## WORK ORDER
Answer with a single number: how many lines in the listing below include "mechanical"?

## RECORDS SUPPLIED
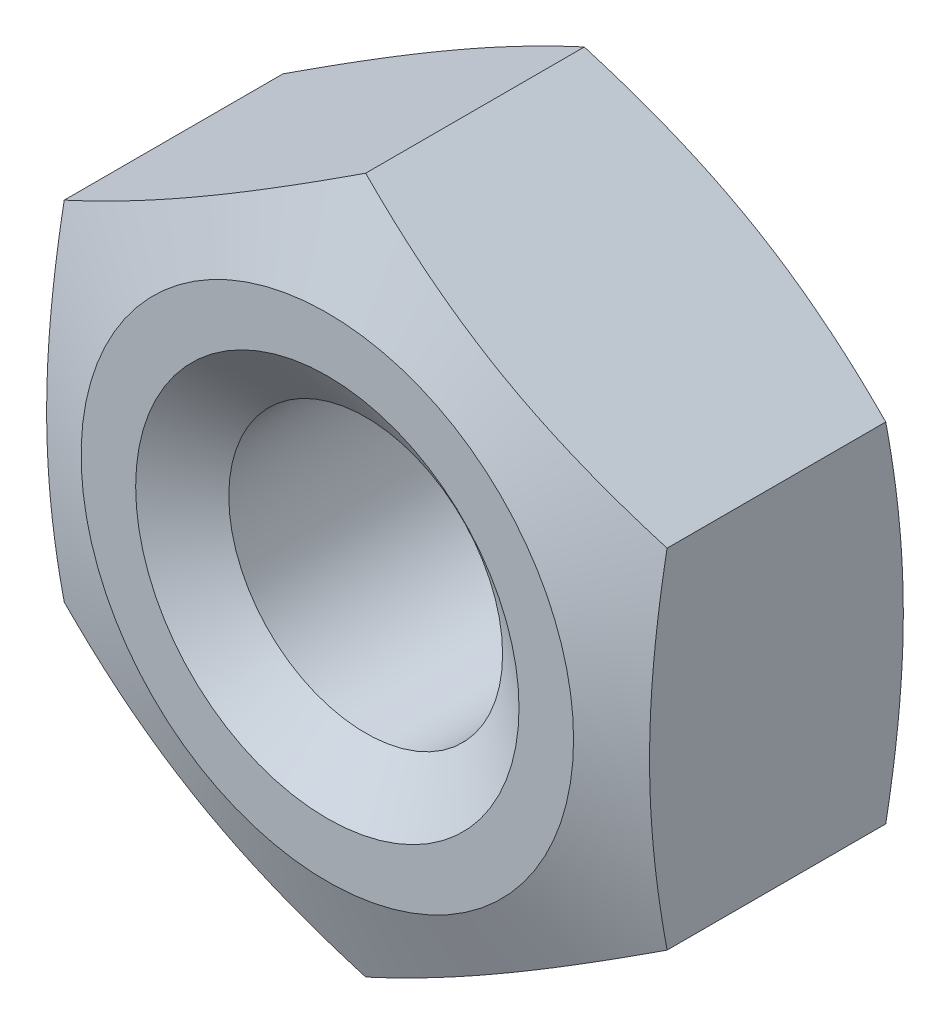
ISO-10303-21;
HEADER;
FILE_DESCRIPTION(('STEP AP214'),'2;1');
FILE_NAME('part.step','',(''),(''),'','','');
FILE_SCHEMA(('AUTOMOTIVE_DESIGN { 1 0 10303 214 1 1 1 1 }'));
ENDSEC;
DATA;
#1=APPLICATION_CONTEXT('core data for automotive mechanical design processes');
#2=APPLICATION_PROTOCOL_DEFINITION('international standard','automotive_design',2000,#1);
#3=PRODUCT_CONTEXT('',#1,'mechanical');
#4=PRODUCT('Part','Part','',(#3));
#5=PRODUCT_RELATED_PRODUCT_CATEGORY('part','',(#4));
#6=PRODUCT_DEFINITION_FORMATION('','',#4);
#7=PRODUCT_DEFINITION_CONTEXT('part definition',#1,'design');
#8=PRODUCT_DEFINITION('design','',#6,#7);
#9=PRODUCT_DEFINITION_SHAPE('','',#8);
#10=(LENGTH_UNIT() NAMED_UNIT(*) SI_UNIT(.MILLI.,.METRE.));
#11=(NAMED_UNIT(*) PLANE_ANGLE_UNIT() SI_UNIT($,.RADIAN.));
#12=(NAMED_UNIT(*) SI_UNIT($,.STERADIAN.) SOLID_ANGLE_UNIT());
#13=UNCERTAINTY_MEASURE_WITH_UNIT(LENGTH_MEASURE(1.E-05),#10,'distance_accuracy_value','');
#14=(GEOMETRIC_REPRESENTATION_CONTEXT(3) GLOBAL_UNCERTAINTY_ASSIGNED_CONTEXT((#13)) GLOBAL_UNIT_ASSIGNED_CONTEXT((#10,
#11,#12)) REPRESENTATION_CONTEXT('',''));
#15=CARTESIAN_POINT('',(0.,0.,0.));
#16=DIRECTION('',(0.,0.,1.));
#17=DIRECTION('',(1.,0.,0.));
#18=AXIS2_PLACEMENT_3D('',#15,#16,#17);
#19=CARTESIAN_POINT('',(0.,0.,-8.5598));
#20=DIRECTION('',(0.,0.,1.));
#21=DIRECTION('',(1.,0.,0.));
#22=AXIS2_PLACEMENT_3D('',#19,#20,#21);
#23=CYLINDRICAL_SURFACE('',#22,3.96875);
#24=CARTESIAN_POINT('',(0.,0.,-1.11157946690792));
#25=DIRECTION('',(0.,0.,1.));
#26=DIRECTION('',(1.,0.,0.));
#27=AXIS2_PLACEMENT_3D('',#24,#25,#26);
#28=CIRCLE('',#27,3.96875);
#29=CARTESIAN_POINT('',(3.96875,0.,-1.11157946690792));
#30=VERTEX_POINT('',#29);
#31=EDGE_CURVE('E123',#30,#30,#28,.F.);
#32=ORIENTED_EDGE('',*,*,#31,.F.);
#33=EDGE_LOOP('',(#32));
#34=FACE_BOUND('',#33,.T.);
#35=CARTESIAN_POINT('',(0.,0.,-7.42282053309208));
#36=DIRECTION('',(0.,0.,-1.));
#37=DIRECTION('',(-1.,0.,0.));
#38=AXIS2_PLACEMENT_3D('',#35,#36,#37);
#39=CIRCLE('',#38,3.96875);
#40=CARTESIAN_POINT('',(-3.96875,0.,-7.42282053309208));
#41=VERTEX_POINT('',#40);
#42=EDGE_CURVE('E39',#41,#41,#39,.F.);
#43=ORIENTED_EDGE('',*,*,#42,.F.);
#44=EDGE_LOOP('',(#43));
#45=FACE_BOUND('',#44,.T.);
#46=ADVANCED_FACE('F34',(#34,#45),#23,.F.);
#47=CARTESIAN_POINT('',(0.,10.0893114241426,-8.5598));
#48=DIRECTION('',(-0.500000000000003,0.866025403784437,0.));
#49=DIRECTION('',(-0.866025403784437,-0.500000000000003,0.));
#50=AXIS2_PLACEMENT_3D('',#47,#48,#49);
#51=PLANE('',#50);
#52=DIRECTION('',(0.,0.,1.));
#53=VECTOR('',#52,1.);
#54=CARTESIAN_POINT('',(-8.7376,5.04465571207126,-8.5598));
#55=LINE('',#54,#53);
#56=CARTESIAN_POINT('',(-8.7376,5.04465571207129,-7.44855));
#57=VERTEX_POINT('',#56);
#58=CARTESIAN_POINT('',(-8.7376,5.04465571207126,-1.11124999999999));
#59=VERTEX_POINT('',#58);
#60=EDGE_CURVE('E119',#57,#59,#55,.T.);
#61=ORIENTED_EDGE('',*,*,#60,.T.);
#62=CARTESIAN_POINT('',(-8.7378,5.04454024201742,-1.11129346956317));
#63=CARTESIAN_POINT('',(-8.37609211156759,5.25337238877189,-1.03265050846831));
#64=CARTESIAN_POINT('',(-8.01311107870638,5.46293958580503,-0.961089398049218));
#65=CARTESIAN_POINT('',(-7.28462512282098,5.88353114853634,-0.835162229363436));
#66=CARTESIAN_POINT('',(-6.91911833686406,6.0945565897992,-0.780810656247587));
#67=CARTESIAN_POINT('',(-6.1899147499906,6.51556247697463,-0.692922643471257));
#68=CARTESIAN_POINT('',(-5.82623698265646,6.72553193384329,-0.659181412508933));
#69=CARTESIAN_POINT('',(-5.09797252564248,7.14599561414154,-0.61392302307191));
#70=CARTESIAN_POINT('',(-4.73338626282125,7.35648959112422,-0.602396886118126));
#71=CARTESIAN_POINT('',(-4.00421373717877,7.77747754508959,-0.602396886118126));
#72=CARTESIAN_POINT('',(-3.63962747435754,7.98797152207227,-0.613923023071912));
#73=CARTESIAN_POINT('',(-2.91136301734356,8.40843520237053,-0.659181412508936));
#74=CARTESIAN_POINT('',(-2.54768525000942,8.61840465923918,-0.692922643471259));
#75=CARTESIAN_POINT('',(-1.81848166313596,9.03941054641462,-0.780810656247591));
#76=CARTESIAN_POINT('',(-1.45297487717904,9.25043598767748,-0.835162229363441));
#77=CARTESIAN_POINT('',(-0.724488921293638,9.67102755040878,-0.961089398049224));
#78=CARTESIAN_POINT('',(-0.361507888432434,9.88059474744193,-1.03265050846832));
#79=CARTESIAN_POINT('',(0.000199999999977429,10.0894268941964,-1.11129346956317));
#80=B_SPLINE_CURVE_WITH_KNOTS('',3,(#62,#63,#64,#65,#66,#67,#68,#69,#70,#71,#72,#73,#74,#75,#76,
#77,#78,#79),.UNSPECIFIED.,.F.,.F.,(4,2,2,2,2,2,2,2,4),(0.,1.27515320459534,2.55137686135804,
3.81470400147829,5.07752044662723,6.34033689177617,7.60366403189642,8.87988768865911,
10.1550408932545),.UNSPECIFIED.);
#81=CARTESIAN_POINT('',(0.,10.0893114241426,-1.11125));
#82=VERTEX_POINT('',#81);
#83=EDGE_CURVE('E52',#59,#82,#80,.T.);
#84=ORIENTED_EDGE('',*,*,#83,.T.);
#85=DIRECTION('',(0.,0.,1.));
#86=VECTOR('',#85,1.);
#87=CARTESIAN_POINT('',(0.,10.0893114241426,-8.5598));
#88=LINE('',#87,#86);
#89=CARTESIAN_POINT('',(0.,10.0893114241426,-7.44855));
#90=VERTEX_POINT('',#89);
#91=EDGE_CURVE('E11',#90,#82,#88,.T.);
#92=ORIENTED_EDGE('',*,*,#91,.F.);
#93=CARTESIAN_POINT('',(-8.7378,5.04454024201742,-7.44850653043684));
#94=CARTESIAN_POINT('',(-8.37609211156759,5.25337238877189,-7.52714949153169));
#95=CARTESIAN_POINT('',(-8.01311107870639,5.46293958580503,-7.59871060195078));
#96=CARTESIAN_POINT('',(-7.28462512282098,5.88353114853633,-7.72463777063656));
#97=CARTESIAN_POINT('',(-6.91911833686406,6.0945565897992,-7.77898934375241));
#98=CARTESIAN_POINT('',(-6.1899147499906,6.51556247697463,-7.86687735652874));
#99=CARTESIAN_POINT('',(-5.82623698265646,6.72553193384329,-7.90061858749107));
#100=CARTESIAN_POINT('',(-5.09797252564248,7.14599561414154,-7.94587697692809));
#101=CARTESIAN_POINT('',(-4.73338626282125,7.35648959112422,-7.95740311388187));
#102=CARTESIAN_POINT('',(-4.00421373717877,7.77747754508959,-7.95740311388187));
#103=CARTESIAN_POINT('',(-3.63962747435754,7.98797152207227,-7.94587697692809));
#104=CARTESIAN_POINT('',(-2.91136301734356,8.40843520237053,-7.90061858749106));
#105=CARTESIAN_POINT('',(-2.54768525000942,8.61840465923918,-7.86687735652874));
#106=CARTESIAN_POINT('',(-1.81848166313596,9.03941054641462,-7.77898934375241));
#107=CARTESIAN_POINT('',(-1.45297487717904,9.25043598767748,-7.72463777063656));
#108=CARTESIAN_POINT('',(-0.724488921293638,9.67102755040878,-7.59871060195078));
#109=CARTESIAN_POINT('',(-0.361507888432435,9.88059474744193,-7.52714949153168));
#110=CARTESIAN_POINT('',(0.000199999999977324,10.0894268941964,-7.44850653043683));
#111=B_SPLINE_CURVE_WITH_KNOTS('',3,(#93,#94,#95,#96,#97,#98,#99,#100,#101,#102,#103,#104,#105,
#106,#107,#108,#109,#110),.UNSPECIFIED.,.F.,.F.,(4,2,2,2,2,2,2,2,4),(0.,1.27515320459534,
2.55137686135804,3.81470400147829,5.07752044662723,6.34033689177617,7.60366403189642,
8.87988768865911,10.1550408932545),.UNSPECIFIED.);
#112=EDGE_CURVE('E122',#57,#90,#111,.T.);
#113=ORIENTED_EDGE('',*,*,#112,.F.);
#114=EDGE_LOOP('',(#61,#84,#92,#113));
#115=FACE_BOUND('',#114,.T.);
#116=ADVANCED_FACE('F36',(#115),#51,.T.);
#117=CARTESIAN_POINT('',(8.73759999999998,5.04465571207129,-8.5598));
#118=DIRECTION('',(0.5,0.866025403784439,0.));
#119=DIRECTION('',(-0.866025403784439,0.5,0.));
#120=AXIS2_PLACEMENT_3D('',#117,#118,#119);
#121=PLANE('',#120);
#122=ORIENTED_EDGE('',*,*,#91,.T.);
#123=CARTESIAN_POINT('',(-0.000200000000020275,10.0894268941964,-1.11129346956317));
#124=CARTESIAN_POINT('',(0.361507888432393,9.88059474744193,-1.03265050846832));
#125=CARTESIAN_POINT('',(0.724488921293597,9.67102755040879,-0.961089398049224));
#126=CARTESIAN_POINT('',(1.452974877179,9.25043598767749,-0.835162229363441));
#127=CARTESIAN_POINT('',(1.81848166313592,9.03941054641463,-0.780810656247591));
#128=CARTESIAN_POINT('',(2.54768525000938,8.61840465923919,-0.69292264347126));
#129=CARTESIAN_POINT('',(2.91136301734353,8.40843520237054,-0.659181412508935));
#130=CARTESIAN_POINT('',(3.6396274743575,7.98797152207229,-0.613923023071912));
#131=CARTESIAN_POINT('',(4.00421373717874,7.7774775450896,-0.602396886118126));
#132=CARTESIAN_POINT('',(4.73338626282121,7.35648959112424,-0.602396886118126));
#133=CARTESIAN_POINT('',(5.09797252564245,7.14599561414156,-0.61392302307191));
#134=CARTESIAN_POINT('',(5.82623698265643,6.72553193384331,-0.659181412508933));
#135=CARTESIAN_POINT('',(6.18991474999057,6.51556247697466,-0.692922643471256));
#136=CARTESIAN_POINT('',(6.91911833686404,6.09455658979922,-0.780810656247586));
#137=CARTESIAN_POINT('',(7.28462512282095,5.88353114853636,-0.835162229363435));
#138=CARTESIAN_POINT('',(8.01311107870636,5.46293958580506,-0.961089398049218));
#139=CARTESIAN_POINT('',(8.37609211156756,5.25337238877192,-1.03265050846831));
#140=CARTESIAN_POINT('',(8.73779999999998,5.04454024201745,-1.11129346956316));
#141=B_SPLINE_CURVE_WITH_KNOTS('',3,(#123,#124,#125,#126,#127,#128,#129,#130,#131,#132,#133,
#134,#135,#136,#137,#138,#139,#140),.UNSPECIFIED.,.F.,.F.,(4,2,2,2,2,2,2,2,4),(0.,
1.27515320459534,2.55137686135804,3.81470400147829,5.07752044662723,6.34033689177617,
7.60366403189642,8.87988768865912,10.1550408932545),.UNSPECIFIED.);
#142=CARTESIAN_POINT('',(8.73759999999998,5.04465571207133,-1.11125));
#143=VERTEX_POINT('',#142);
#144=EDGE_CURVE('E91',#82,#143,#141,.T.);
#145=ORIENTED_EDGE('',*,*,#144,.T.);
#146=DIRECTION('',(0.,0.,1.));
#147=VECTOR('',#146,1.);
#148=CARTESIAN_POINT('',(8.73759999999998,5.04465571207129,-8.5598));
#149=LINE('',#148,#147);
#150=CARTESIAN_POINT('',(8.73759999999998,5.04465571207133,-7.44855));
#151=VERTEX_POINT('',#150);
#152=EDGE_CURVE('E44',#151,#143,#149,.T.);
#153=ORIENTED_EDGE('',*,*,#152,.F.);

## RESPONSE TO THE EXERCISE
2